# TASK OBJECTIVE:
Give back, exactly as written, the lines of the listing from the top through the line holding "#10=(LENGTH_UNIT() NAMED_UNIT(*) SI_UNIT(.MILLI.,.METRE.));", and nothing more. Exclude pictures.

# SUPPLIED RECORDS:
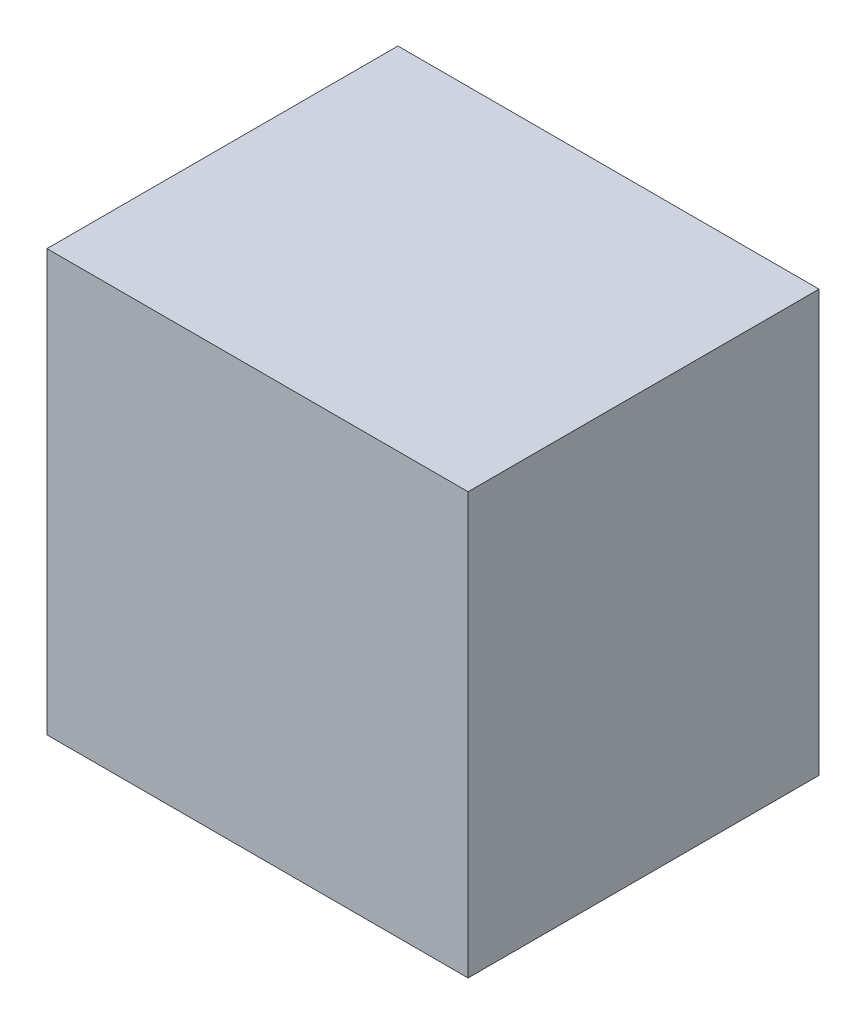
ISO-10303-21;
HEADER;
FILE_DESCRIPTION(('STEP AP214'),'2;1');
FILE_NAME('part.step','',(''),(''),'','','');
FILE_SCHEMA(('AUTOMOTIVE_DESIGN { 1 0 10303 214 1 1 1 1 }'));
ENDSEC;
DATA;
#1=APPLICATION_CONTEXT('core data for automotive mechanical design processes');
#2=APPLICATION_PROTOCOL_DEFINITION('international standard','automotive_design',2000,#1);
#3=PRODUCT_CONTEXT('',#1,'mechanical');
#4=PRODUCT('Part','Part','',(#3));
#5=PRODUCT_RELATED_PRODUCT_CATEGORY('part','',(#4));
#6=PRODUCT_DEFINITION_FORMATION('','',#4);
#7=PRODUCT_DEFINITION_CONTEXT('part definition',#1,'design');
#8=PRODUCT_DEFINITION('design','',#6,#7);
#9=PRODUCT_DEFINITION_SHAPE('','',#8);
#10=(LENGTH_UNIT() NAMED_UNIT(*) SI_UNIT(.MILLI.,.METRE.));
#11=(NAMED_UNIT(*) PLANE_ANGLE_UNIT() SI_UNIT($,.RADIAN.));
#12=(NAMED_UNIT(*) SI_UNIT($,.STERADIAN.) SOLID_ANGLE_UNIT());
#13=UNCERTAINTY_MEASURE_WITH_UNIT(LENGTH_MEASURE(1.E-05),#10,'distance_accuracy_value','');
#14=(GEOMETRIC_REPRESENTATION_CONTEXT(3) GLOBAL_UNCERTAINTY_ASSIGNED_CONTEXT((#13)) GLOBAL_UNIT_ASSIGNED_CONTEXT((#10,
#11,#12)) REPRESENTATION_CONTEXT('',''));
#15=CARTESIAN_POINT('',(0.,0.,0.));
#16=DIRECTION('',(0.,0.,1.));
#17=DIRECTION('',(1.,0.,0.));
#18=AXIS2_PLACEMENT_3D('',#15,#16,#17);
#19=CARTESIAN_POINT('',(0.381,0.381,0.635));
#20=DIRECTION('',(0.,0.,-1.));
#21=DIRECTION('',(-1.,0.,0.));
#22=AXIS2_PLACEMENT_3D('',#19,#20,#21);
#23=PLANE('',#22);
#24=DIRECTION('',(0.,1.,0.));
#25=VECTOR('',#24,1.);
#26=CARTESIAN_POINT('',(-0.381,0.381,0.635));
#27=LINE('',#26,#25);
#28=CARTESIAN_POINT('',(-0.381,0.381,0.635));
#29=VERTEX_POINT('',#28);
#30=CARTESIAN_POINT('',(-0.381,-0.381,0.635));
#31=VERTEX_POINT('',#30);
#32=EDGE_CURVE('E55',#29,#31,#27,.F.);
#33=ORIENTED_EDGE('',*,*,#32,.T.);
#34=DIRECTION('',(1.,0.,0.));
#35=VECTOR('',#34,1.);
#36=CARTESIAN_POINT('',(-0.381,-0.381,0.635));
#37=LINE('',#36,#35);
#38=CARTESIAN_POINT('',(0.381,-0.381,0.635));
#39=VERTEX_POINT('',#38);
#40=EDGE_CURVE('E57',#31,#39,#37,.T.);
#41=ORIENTED_EDGE('',*,*,#40,.T.);
#42=DIRECTION('',(0.,1.,0.));
#43=VECTOR('',#42,1.);
#44=CARTESIAN_POINT('',(0.381,-0.381,0.635));
#45=LINE('',#44,#43);
#46=CARTESIAN_POINT('',(0.381,0.381,0.635));
#47=VERTEX_POINT('',#46);
#48=EDGE_CURVE('E20',#39,#47,#45,.T.);
#49=ORIENTED_EDGE('',*,*,#48,.T.);
#50=DIRECTION('',(1.,0.,0.));
#51=VECTOR('',#50,1.);
#52=CARTESIAN_POINT('',(0.381,0.381,0.635));
#53=LINE('',#52,#51);
#54=EDGE_CURVE('E80',#47,#29,#53,.F.);
#55=ORIENTED_EDGE('',*,*,#54,.T.);
#56=EDGE_LOOP('',(#33,#41,#49,#55));
#57=FACE_BOUND('',#56,.T.);
#58=ADVANCED_FACE('F17',(#57),#23,.F.);
#59=CARTESIAN_POINT('',(0.381,-0.381,0.));
#60=DIRECTION('',(-1.,0.,0.));
#61=DIRECTION('',(0.,0.,1.));
#62=AXIS2_PLACEMENT_3D('',#59,#60,#61);
#63=PLANE('',#62);
#64=DIRECTION('',(0.,0.,-1.));
#65=VECTOR('',#64,1.);
#66=CARTESIAN_POINT('',(0.381,0.381,0.));
#67=LINE('',#66,#65);
#68=CARTESIAN_POINT('',(0.381,0.381,0.));
#69=VERTEX_POINT('',#68);
#70=EDGE_CURVE('E68',#69,#47,#67,.F.);
#71=ORIENTED_EDGE('',*,*,#70,.T.);
#72=ORIENTED_EDGE('',*,*,#48,.F.);
#73=DIRECTION('',(0.,0.,1.));
#74=VECTOR('',#73,1.);
#75=CARTESIAN_POINT('',(0.381,-0.381,0.));
#76=LINE('',#75,#74);
#77=CARTESIAN_POINT('',(0.381,-0.381,0.));
#78=VERTEX_POINT('',#77);
#79=EDGE_CURVE('E63',#39,#78,#76,.F.);
#80=ORIENTED_EDGE('',*,*,#79,.T.);
#81=DIRECTION('',(0.,1.,0.));
#82=VECTOR('',#81,1.);
#83=CARTESIAN_POINT('',(0.381,0.381,0.));
#84=LINE('',#83,#82);
#85=EDGE_CURVE('E83',#69,#78,#84,.F.);
#86=ORIENTED_EDGE('',*,*,#85,.F.);
#87=EDGE_LOOP('',(#71,#72,#80,#86));
#88=FACE_BOUND('',#87,.T.);
#89=ADVANCED_FACE('F65',(#88),#63,.F.);
#90=CARTESIAN_POINT('',(-0.381,-0.381,0.));
#91=DIRECTION('',(0.,1.,0.));
#92=DIRECTION('',(0.,0.,1.));
#93=AXIS2_PLACEMENT_3D('',#90,#91,#92);
#94=PLANE('',#93);
#95=ORIENTED_EDGE('',*,*,#79,.F.);
#96=ORIENTED_EDGE('',*,*,#40,.F.);
#97=DIRECTION('',(0.,0.,-1.));
#98=VECTOR('',#97,1.);
#99=CARTESIAN_POINT('',(-0.381,-0.381,0.));
#100=LINE('',#99,#98);
#101=CARTESIAN_POINT('',(-0.381,-0.381,0.));
#102=VERTEX_POINT('',#101);
#103=EDGE_CURVE('E75',#31,#102,#100,.T.);
#104=ORIENTED_EDGE('',*,*,#103,.T.);
#105=DIRECTION('',(-1.,0.,0.));
#106=VECTOR('',#105,1.);
#107=CARTESIAN_POINT('',(0.381,-0.381,0.));
#108=LINE('',#107,#106);
#109=EDGE_CURVE('E72',#78,#102,#108,.T.);
#110=ORIENTED_EDGE('',*,*,#109,.F.);
#111=EDGE_LOOP('',(#95,#96,#104,#110));
#112=FACE_BOUND('',#111,.T.);
#113=ADVANCED_FACE('F70',(#112),#94,.F.);
#114=CARTESIAN_POINT('',(-0.381,0.381,0.));
#115=DIRECTION('',(1.,0.,0.));
#116=DIRECTION('',(0.,0.,-1.));
#117=AXIS2_PLACEMENT_3D('',#114,#115,#116);
#118=PLANE('',#117);
#119=ORIENTED_EDGE('',*,*,#103,.F.);
#120=ORIENTED_EDGE('',*,*,#32,.F.);
#121=DIRECTION('',(0.,0.,-1.));
#122=VECTOR('',#121,1.);
#123=CARTESIAN_POINT('',(-0.381,0.381,0.));
#124=LINE('',#123,#122);
#125=CARTESIAN_POINT('',(-0.381,0.381,0.));
#126=VERTEX_POINT('',#125);
#127=EDGE_CURVE('E35',#29,#126,#124,.T.);
#128=ORIENTED_EDGE('',*,*,#127,.T.);
#129=DIRECTION('',(0.,1.,0.));
#130=VECTOR('',#129,1.);
#131=CARTESIAN_POINT('',(-0.381,0.381,0.));
#132=LINE('',#131,#130);
#133=EDGE_CURVE('E26',#102,#126,#132,.T.);
#134=ORIENTED_EDGE('',*,*,#133,.F.);
#135=EDGE_LOOP('',(#119,#120,#128,#134));
#136=FACE_BOUND('',#135,.T.);
#137=ADVANCED_FACE('F89',(#136),#118,.F.);
#138=CARTESIAN_POINT('',(0.381,0.381,0.));
#139=DIRECTION('',(0.,-1.,0.));
#140=DIRECTION('',(0.,0.,-1.));
#141=AXIS2_PLACEMENT_3D('',#138,#139,#140);
#142=PLANE('',#141);
#143=ORIENTED_EDGE('',*,*,#127,.F.);
#144=ORIENTED_EDGE('',*,*,#54,.F.);
#145=ORIENTED_EDGE('',*,*,#70,.F.);
#146=DIRECTION('',(-1.,0.,0.));
#147=VECTOR('',#146,1.);
#148=CARTESIAN_POINT('',(0.381,0.381,0.));
#149=LINE('',#148,#147);
#150=EDGE_CURVE('E11',#126,#69,#149,.F.);
#151=ORIENTED_EDGE('',*,*,#150,.F.);
#152=EDGE_LOOP('',(#143,#144,#145,#151));
#153=FACE_BOUND('',#152,.T.);
#154=ADVANCED_FACE('F91',(#153),#142,.F.);
#155=CARTESIAN_POINT('',(0.381,0.381,0.));
#156=DIRECTION('',(0.,0.,-1.));
#157=DIRECTION('',(-1.,0.,0.));
#158=AXIS2_PLACEMENT_3D('',#155,#156,#157);
#159=PLANE('',#158);
#160=ORIENTED_EDGE('',*,*,#133,.T.);
#161=ORIENTED_EDGE('',*,*,#150,.T.);
#162=ORIENTED_EDGE('',*,*,#85,.T.);
#163=ORIENTED_EDGE('',*,*,#109,.T.);
#164=EDGE_LOOP('',(#160,#161,#162,#163));
#165=FACE_BOUND('',#164,.T.);
#166=ADVANCED_FACE('F88',(#165),#159,.T.);
#167=CLOSED_SHELL('',(#58,#89,#113,#137,#154,#166));
#168=MANIFOLD_SOLID_BREP('B1',#167);
#169=ADVANCED_BREP_SHAPE_REPRESENTATION('',(#18,#168),#14);
#170=SHAPE_DEFINITION_REPRESENTATION(#9,#169);
ENDSEC;
END-ISO-10303-21;

# RESPONSE BOX:
ISO-10303-21;
HEADER;
FILE_DESCRIPTION(('STEP AP214'),'2;1');
FILE_NAME('part.step','',(''),(''),'','','');
FILE_SCHEMA(('AUTOMOTIVE_DESIGN { 1 0 10303 214 1 1 1 1 }'));
ENDSEC;
DATA;
#1=APPLICATION_CONTEXT('core data for automotive mechanical design processes');
#2=APPLICATION_PROTOCOL_DEFINITION('international standard','automotive_design',2000,#1);
#3=PRODUCT_CONTEXT('',#1,'mechanical');
#4=PRODUCT('Part','Part','',(#3));
#5=PRODUCT_RELATED_PRODUCT_CATEGORY('part','',(#4));
#6=PRODUCT_DEFINITION_FORMATION('','',#4);
#7=PRODUCT_DEFINITION_CONTEXT('part definition',#1,'design');
#8=PRODUCT_DEFINITION('design','',#6,#7);
#9=PRODUCT_DEFINITION_SHAPE('','',#8);
#10=(LENGTH_UNIT() NAMED_UNIT(*) SI_UNIT(.MILLI.,.METRE.));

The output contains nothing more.